If Gordon shot just 40% in that game, he'd have scored 19. If he played 36 minutes, he'd have gotten those 7/7 rebounds/assists.

We have seen TWO Ben Gordons so far. One that plays 31 minutes in 2 games, and one that plays 29 minutes in 1 game. The 29 minute version is damn good, and I'd love to see what he'd do in 36+.

He's NOT going to get 20/7/7, because he's going to be riding the pine way too much.


----------



## Johnny Mac (May 6, 2003)

Gordon is a lot like a rich mans Bobby Jackson at this point. His offense is high powered, but he is too much of a defensive liability at *any* position. His lateral quickness isn't good, so he gets burned by point guards. He is a good 3 inches undersized at the shooting guard position, and his lateral quickness is suspect even at that position. 
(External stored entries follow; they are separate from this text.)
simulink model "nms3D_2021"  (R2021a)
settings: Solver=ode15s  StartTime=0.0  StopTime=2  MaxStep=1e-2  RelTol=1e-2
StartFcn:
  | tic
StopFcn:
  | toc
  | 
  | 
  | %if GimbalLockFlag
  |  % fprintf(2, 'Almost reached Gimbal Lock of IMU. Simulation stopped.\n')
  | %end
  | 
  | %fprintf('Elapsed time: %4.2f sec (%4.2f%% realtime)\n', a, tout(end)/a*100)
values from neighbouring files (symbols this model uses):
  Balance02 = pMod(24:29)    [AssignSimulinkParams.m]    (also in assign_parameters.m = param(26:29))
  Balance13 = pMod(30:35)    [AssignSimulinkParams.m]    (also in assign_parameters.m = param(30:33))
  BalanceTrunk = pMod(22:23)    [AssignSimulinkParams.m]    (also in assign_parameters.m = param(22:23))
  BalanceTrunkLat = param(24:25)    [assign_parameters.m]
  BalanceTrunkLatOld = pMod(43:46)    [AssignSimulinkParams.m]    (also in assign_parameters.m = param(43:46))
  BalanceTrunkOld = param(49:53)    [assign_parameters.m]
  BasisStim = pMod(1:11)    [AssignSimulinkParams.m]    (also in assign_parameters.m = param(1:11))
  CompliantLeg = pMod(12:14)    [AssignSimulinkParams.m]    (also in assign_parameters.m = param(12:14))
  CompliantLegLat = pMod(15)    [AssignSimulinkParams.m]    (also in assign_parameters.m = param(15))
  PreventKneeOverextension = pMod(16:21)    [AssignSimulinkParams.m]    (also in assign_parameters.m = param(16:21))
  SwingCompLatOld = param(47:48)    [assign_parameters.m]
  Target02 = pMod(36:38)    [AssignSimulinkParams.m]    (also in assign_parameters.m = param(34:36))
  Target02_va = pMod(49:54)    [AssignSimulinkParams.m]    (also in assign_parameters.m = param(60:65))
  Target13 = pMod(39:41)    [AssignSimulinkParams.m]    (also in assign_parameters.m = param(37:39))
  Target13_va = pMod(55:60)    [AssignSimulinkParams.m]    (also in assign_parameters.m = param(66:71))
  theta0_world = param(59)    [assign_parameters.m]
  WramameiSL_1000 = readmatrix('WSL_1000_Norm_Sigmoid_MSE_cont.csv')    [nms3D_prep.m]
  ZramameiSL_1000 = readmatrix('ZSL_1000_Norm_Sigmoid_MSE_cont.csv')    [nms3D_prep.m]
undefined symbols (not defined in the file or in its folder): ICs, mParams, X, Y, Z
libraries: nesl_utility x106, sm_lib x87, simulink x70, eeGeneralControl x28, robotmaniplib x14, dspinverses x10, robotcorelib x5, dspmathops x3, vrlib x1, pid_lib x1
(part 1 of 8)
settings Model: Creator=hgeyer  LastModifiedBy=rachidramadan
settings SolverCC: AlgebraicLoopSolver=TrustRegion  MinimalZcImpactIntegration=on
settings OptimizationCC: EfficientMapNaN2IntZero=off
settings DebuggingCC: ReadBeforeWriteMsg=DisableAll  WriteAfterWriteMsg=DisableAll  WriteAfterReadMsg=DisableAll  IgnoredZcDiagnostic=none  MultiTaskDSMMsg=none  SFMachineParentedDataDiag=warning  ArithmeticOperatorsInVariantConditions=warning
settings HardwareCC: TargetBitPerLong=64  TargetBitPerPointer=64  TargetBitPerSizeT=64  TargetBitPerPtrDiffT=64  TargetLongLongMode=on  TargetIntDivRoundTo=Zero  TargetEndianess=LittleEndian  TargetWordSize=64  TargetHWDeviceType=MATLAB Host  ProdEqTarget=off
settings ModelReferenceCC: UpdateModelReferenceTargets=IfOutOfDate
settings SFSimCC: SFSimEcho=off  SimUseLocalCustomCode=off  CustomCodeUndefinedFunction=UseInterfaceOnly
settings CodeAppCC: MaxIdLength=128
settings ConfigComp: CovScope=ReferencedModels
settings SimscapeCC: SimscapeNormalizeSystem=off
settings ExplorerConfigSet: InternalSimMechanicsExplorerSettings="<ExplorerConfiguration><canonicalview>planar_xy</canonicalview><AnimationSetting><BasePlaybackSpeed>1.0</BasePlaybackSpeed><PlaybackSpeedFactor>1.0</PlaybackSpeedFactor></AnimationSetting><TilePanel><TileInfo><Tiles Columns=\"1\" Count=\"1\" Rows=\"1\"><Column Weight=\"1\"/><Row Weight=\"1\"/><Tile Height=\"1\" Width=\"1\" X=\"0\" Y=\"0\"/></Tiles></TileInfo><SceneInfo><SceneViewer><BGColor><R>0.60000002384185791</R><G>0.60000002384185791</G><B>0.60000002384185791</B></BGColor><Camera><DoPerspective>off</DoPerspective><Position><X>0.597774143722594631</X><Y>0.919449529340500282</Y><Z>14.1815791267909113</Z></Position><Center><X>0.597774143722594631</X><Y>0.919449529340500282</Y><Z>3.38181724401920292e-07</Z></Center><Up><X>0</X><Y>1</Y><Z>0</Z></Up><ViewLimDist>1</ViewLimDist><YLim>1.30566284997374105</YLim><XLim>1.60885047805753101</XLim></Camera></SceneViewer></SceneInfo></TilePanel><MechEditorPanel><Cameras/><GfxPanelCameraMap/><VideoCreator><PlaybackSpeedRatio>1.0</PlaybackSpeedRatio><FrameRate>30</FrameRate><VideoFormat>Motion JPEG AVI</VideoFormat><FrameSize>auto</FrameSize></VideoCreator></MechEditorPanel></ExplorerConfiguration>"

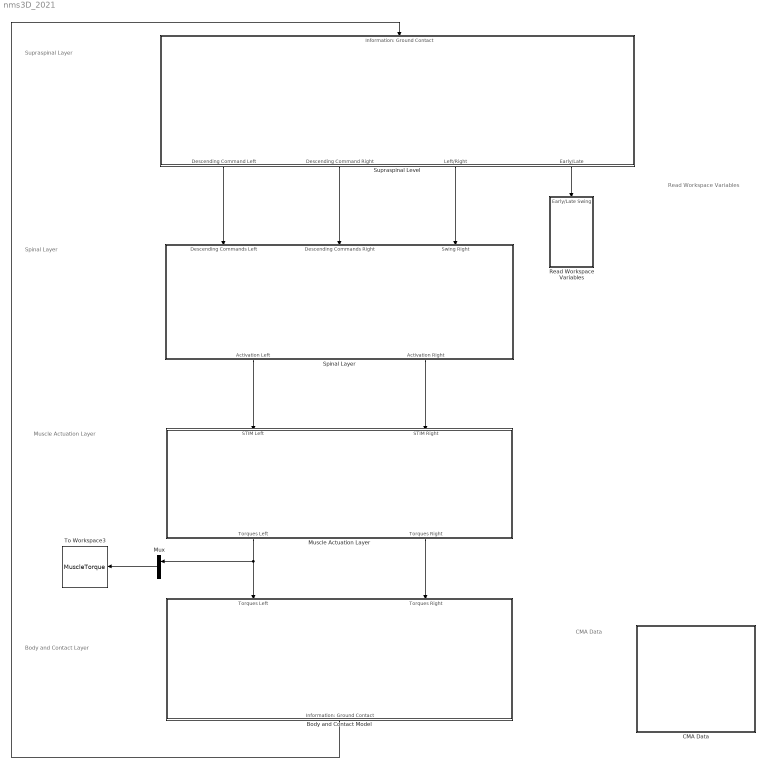
== system nms3D_2021 ==
  note: Spinal Layer
  note: Muscle Actuation Layer
  note: Body and Contact Layer
  note: Supraspinal Layer
  note: CMA Data
  note: Read Workspace Variables
  Body and Contact Model : Subsystem
  CMA Data : Subsystem
  Muscle Actuation Layer : Subsystem
  Mux : Mux  Inputs=2
  Read Workspace Variables : Subsystem
  Spinal Layer : Subsystem
  Supraspinal Level : Subsystem
  To Workspace3 : ToWorkspace  VariableName=MuscleTorque  SampleTime=-1
      settings: Save2DSignal=2-D array (concatenate along first dimension)
  wires:
  Spinal Layer/1(Activation Left) -> Muscle Actuation Layer/1(STIM Left)
  Spinal Layer/2(Activation Right) -> Muscle Actuation Layer/2(STIM Right)
  Supraspinal Level/1(Descending Command Left) -> Spinal Layer/1(Descending Commands Left)
  Supraspinal Level/2(Descending Command Right) -> Spinal Layer/2(Descending Commands Right)
  Body and Contact Model/1(Information: Ground Contact) -> Supraspinal Level/1(Information: Ground Contact)
  Mux/1 -> To Workspace3/1
  Muscle Actuation Layer/1(Torques Left) -> Body and Contact Model/1(Torques Left), Mux/1
  Supraspinal Level/3(Left/Right) -> Spinal Layer/3(Swing Right)
  Supraspinal Level/4(Early/Late) -> Read Workspace Variables/1(Early/Late Swing)
  Muscle Actuation Layer/2(Torques Right) -> Body and Contact Model/2(Torques Right)

== system nms3D_2021/Body and Contact Model ==
  note: Rigid Body
  note: Contact Model
  note: Vestibular System
  Torques Left : Inport
  Torques Right : Inport  Port=2
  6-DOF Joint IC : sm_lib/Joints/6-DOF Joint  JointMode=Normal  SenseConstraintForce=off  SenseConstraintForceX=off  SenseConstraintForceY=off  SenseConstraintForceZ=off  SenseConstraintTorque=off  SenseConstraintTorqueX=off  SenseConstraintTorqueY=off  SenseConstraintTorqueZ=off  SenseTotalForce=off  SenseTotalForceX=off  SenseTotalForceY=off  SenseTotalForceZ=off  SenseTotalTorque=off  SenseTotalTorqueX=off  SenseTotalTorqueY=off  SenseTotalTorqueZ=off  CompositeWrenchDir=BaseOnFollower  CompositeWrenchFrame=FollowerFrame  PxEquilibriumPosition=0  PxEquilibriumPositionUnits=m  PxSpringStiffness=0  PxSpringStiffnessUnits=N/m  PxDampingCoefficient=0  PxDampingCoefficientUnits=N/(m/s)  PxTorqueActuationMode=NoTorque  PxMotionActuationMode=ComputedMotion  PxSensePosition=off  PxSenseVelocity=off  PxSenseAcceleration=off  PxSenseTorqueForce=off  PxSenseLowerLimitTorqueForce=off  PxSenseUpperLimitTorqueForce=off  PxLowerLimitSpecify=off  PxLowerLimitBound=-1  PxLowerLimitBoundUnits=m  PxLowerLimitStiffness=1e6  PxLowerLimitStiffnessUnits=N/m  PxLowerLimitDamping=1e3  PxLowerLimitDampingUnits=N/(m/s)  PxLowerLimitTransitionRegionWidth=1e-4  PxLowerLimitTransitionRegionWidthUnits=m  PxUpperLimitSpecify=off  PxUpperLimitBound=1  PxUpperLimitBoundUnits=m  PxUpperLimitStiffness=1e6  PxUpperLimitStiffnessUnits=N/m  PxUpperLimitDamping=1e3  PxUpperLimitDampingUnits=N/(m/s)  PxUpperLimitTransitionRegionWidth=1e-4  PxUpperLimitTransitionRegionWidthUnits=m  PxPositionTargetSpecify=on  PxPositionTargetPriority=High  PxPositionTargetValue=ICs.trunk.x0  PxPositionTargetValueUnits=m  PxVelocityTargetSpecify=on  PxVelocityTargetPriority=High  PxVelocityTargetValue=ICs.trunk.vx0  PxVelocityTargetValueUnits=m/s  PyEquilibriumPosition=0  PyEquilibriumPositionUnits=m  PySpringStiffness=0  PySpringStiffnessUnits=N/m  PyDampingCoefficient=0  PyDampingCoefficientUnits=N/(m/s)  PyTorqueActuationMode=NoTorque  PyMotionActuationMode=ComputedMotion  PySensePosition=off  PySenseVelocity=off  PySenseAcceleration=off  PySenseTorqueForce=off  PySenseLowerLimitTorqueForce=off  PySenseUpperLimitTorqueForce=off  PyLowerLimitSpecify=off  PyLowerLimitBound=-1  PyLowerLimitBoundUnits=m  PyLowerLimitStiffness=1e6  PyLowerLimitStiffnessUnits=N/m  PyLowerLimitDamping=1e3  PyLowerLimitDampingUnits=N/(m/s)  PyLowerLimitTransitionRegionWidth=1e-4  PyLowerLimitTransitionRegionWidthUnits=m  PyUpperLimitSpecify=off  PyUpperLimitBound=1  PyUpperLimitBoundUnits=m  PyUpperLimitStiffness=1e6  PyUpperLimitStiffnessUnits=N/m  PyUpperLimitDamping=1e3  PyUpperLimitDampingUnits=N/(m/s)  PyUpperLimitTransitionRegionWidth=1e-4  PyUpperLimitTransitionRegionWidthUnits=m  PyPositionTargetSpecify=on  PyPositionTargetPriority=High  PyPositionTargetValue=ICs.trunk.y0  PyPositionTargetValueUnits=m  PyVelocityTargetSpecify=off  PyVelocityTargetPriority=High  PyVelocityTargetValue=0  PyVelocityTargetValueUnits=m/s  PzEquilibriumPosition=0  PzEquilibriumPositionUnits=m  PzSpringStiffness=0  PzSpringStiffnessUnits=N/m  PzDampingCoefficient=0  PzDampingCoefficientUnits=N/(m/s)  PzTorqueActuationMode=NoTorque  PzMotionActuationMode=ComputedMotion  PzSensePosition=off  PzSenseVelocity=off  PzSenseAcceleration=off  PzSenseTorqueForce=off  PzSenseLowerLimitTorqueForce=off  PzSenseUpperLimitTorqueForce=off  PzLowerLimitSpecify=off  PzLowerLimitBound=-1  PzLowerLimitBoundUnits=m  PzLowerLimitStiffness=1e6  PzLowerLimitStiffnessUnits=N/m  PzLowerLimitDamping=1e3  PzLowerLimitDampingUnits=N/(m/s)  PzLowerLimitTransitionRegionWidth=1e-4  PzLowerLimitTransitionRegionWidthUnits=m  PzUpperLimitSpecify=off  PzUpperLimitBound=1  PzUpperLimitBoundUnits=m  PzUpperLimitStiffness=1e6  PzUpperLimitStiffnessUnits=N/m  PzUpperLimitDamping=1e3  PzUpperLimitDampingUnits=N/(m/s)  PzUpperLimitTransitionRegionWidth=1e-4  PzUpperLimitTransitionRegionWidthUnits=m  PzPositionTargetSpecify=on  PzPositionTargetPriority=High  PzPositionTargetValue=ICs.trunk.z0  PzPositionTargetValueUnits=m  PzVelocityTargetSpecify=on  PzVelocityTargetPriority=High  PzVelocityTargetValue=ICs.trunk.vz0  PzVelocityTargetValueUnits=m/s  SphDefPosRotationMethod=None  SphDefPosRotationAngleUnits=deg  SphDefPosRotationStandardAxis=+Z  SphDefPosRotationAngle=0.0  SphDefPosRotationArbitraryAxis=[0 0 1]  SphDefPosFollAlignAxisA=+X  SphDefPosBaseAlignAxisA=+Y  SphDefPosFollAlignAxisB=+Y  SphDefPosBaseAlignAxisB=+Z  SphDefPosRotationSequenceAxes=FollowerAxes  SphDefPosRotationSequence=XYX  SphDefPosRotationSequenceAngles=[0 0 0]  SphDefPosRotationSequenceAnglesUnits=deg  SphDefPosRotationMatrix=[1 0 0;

He will provide a great spark off the bench though.


----------



## Da Grinch (Aug 17, 2002)

> Originally posted by <b>Johnny Mac</b>!
> Gordon is a lot like a rich mans Bobby Jackson at this point. His offense is high powered, but he is too much of a defensive liability at *any* position. His lateral quickness isn't good, so he gets burned by point guards. He is a good 3 inches undersized at the shooting guard position, and his lateral quickness is suspect even at that position.
> 
> He will provide a great spark off the bench though.


i wouldn't mind him being a spark off the bench if we had a decent starter in front of him , he could come in be the 2nd units go-to guy until he was ready for more . But with Pike being a piece of aging crud,they are apparently buying out the only guy on the whole roster who is an actual 2 guard in his prime and fwill needing to find jenny craig , he will likely start and be overburdened and the bulls wont have jamal crawford to blame like they did when the bulls overburdened jay will .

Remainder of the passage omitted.